Task prompt = Reproduce only the stretch of entries below that begins at the first line and ends at the line holding "designed to read, clone, and".

Collected data entries:
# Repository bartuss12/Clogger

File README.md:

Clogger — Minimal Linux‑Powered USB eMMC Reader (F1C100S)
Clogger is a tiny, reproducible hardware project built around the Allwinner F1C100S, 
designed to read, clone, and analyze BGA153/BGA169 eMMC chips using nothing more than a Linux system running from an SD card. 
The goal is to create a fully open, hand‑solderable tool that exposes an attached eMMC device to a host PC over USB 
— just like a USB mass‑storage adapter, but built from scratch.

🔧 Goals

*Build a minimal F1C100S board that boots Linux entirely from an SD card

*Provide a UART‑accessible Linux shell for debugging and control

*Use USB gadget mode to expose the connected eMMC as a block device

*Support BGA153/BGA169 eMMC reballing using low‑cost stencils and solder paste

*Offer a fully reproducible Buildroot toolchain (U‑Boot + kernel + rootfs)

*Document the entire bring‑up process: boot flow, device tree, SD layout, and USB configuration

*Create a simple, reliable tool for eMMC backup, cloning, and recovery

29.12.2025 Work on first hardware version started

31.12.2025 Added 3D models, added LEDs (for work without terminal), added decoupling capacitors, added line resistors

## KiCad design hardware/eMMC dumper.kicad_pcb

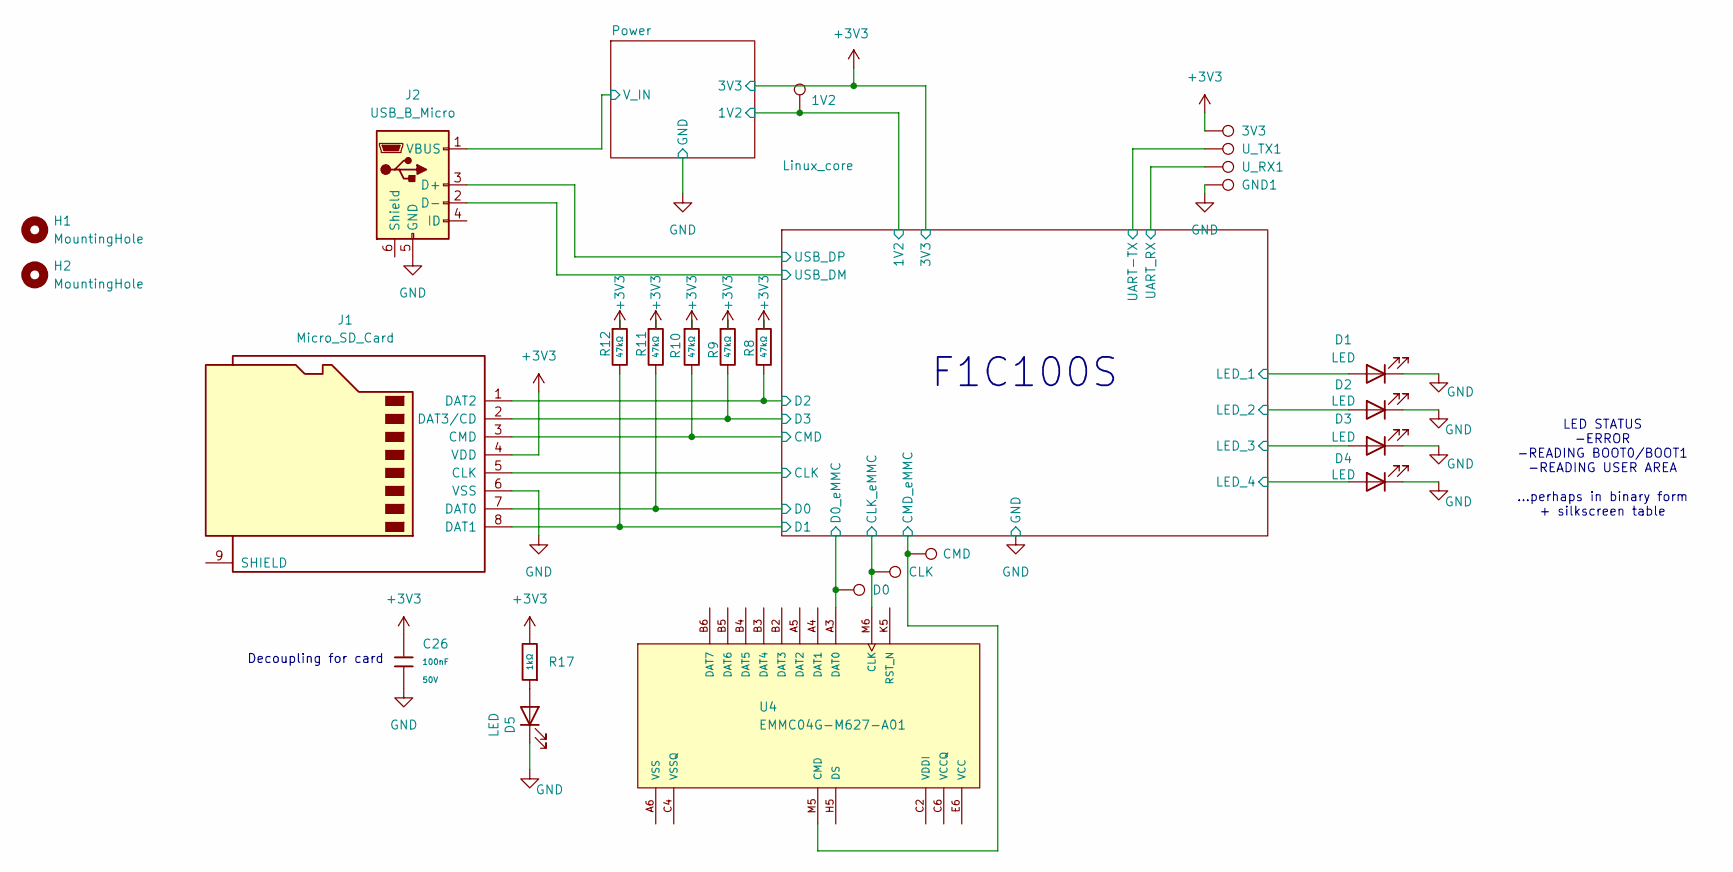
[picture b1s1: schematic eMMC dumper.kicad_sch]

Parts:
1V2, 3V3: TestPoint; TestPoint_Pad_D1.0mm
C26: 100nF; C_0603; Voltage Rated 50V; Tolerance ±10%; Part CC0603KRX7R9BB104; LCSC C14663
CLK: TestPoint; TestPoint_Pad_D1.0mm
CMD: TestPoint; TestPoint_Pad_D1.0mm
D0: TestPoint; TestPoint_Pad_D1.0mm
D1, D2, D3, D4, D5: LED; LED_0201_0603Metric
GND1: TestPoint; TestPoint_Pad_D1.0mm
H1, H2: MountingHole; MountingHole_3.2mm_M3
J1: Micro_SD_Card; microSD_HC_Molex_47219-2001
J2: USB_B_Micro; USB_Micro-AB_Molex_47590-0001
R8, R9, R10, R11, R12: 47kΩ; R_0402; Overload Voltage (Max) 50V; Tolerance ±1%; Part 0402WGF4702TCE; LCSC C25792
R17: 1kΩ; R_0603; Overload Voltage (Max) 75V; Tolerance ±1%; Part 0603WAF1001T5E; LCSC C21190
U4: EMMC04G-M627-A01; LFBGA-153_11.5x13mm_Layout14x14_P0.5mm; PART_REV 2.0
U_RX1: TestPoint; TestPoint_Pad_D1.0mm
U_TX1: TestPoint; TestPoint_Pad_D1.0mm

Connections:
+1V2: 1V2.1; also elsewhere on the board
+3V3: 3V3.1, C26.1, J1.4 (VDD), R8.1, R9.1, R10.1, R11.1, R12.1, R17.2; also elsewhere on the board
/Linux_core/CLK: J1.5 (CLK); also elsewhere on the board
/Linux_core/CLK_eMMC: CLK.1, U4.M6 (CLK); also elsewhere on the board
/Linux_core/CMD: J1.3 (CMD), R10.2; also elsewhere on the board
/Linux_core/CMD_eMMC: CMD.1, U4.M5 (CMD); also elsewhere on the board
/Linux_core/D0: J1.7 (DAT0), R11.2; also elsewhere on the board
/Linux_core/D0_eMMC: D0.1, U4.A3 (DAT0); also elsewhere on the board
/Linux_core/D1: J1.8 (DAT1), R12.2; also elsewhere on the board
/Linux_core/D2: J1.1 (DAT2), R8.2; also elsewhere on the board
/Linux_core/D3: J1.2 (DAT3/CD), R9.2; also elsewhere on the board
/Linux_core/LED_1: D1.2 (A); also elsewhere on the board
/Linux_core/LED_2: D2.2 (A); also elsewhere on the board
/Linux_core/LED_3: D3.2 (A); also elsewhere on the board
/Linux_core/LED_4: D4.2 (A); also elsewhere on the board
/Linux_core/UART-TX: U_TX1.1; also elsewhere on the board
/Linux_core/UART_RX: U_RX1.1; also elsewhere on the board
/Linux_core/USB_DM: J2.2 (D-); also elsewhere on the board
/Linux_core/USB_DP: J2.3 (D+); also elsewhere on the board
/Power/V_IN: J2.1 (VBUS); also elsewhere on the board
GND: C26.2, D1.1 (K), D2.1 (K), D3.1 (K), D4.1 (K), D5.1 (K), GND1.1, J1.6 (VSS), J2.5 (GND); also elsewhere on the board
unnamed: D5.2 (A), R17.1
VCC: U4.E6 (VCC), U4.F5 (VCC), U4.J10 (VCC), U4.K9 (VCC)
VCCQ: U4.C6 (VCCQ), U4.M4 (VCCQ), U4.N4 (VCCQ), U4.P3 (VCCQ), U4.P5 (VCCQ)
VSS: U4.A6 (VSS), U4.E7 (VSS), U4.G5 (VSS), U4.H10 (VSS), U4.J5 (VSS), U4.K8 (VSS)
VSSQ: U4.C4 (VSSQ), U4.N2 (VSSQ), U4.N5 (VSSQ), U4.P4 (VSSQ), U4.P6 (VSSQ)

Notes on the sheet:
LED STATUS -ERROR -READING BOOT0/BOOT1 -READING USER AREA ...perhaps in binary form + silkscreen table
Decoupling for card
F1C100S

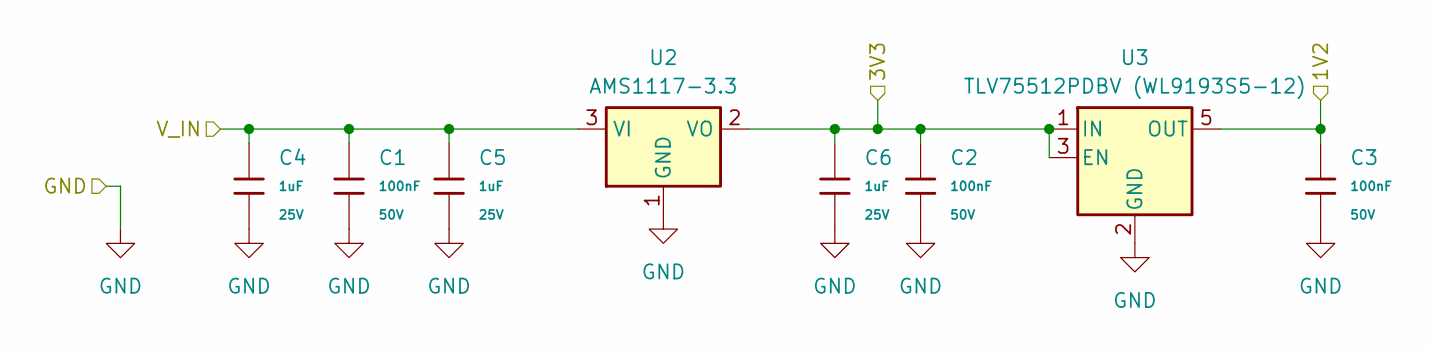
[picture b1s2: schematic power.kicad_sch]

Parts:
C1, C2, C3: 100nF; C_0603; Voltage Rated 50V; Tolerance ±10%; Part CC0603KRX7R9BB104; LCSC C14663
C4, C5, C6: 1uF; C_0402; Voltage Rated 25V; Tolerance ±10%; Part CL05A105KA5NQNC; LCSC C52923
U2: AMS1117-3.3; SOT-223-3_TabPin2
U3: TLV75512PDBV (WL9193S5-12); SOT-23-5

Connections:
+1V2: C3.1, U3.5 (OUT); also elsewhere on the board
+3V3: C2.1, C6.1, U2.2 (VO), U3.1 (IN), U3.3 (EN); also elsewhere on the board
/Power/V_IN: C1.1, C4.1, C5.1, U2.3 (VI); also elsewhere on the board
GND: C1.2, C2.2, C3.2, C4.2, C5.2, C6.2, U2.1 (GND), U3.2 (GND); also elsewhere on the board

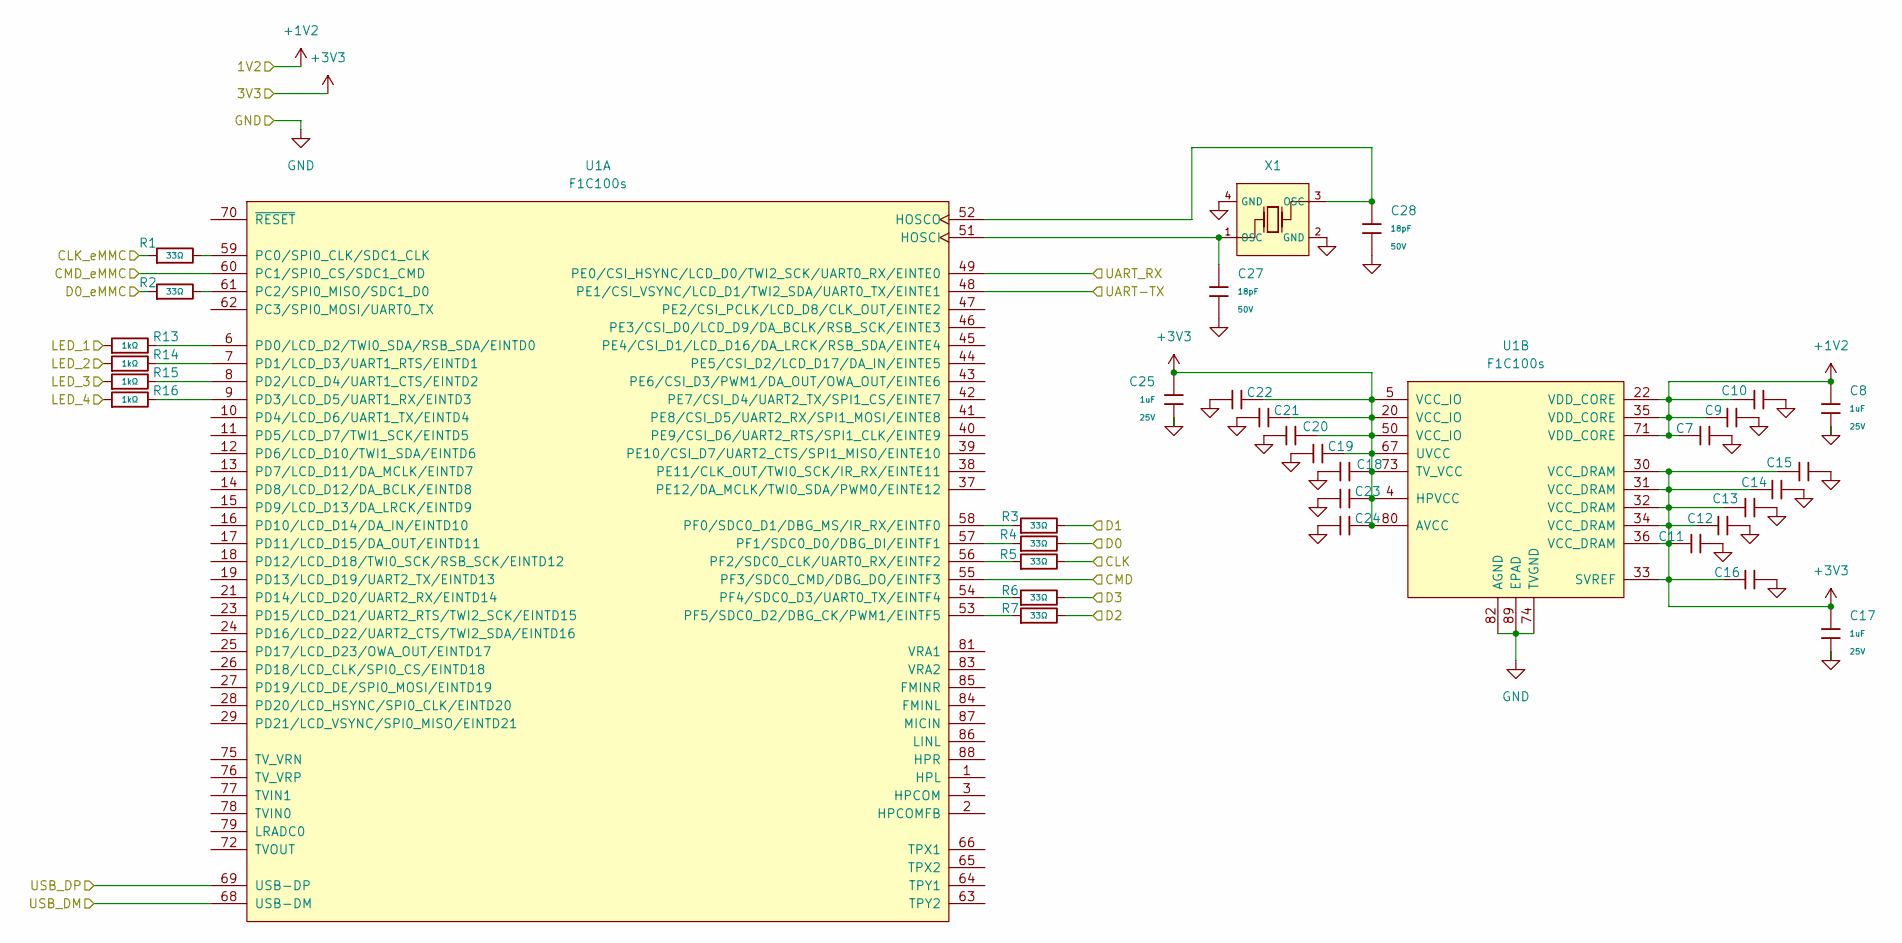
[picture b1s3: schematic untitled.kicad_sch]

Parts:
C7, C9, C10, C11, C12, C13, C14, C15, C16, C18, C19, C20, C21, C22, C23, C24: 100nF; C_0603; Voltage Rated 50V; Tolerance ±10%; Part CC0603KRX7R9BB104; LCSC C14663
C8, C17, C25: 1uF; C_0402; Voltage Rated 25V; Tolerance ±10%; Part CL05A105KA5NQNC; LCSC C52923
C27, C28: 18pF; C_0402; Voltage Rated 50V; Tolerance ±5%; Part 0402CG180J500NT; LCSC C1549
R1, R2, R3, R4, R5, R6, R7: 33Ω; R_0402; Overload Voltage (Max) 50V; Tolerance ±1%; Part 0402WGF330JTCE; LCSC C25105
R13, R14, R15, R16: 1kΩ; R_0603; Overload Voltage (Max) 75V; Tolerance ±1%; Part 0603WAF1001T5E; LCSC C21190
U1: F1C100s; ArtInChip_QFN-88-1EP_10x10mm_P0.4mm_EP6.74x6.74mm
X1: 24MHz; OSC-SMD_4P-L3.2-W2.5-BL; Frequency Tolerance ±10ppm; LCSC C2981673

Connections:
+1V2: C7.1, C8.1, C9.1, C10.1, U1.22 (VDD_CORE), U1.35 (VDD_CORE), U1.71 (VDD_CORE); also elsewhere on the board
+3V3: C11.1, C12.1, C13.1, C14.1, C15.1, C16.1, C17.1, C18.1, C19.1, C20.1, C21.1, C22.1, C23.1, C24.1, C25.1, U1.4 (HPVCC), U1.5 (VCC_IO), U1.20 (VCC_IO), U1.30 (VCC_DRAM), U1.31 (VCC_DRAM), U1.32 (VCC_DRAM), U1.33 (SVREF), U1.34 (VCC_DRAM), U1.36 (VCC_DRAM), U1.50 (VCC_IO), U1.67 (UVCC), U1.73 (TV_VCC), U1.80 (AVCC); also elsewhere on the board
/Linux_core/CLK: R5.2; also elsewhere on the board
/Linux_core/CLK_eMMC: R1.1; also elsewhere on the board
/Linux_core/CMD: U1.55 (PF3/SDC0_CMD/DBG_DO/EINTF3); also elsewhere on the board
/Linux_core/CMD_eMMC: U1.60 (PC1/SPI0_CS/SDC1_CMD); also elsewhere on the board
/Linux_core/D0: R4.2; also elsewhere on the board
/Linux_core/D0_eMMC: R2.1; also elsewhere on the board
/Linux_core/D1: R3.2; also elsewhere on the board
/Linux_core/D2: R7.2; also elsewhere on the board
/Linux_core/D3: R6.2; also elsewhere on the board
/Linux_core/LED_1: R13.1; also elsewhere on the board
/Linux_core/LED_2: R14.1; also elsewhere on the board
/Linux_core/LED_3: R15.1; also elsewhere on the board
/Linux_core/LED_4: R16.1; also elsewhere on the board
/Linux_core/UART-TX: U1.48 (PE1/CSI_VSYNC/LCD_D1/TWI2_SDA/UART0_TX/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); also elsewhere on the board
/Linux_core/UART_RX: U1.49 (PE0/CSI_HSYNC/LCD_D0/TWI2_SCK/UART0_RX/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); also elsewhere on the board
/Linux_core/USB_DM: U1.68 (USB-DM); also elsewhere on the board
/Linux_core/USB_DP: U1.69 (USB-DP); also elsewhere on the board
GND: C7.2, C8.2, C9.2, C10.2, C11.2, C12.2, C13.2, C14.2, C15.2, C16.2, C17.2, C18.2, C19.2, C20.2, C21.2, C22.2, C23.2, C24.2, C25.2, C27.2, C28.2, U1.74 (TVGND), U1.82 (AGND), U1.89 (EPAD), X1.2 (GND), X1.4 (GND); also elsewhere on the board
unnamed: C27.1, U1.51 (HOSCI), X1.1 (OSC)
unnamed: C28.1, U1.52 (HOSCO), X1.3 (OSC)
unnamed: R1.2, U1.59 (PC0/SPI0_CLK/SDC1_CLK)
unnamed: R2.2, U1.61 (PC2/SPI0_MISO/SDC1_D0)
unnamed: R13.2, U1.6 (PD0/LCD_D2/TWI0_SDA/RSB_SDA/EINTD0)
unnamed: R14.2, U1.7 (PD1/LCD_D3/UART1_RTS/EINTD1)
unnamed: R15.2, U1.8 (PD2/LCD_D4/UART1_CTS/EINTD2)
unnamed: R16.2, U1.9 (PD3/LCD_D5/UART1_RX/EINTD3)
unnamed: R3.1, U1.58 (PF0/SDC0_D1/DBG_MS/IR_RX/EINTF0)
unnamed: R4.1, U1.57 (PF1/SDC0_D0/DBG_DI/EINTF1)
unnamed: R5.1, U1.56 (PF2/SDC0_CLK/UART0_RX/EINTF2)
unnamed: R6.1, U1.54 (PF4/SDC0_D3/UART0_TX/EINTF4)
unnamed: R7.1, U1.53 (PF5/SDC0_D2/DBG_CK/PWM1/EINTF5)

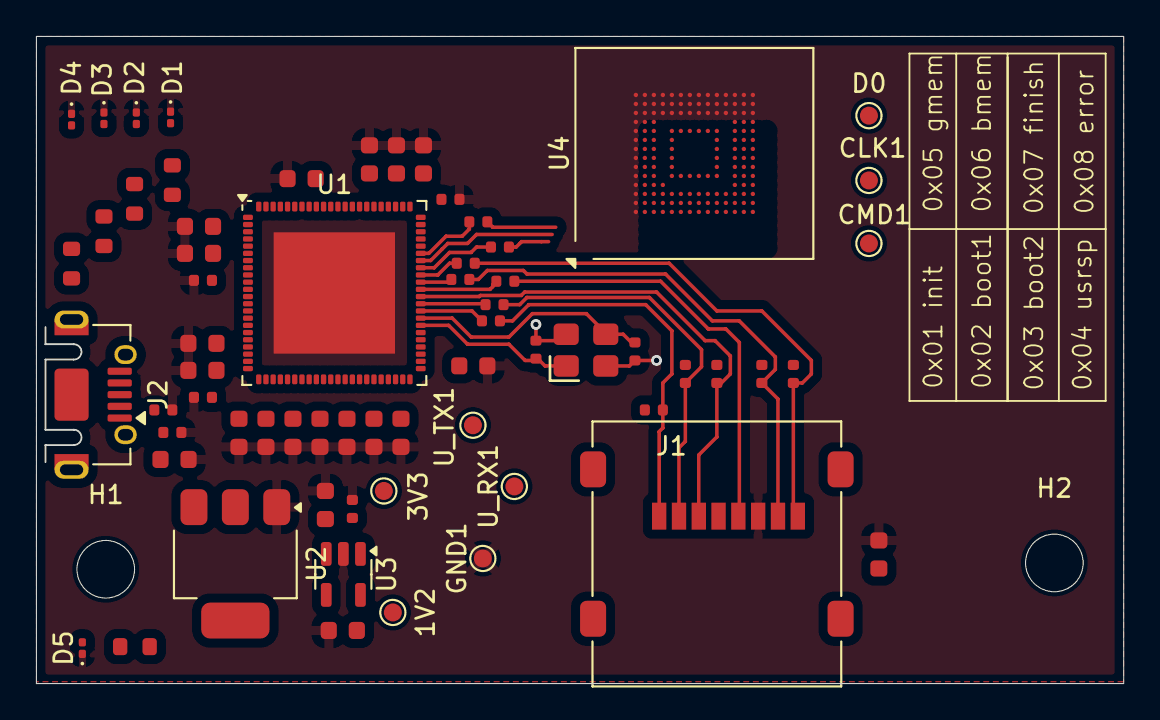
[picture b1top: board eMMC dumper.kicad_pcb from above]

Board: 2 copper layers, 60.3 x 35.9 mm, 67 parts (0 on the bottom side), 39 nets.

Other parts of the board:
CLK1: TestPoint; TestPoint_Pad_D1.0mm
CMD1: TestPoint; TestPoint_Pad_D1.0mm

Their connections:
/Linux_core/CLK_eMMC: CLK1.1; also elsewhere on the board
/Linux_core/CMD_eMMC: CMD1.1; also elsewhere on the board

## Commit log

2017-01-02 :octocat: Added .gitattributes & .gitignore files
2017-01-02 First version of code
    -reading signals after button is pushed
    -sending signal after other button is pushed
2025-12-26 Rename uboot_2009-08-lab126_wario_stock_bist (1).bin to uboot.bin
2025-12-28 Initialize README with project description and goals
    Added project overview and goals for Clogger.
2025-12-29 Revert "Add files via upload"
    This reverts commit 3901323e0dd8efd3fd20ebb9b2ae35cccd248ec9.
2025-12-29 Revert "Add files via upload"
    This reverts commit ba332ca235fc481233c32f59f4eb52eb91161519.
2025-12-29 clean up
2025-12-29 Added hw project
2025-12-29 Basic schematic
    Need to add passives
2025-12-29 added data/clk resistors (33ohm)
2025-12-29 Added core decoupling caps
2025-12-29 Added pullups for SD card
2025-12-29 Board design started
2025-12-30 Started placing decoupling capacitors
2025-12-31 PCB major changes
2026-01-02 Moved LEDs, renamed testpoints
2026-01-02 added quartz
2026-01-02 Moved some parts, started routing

Your solution =
# Repository bartuss12/Clogger

File README.md:

Clogger — Minimal Linux‑Powered USB eMMC Reader (F1C100S)
Clogger is a tiny, reproducible hardware project built around the Allwinner F1C100S, 
designed to read, clone, and analyze BGA153/BGA169 eMMC chips using nothing more than a Linux system running from an SD card. 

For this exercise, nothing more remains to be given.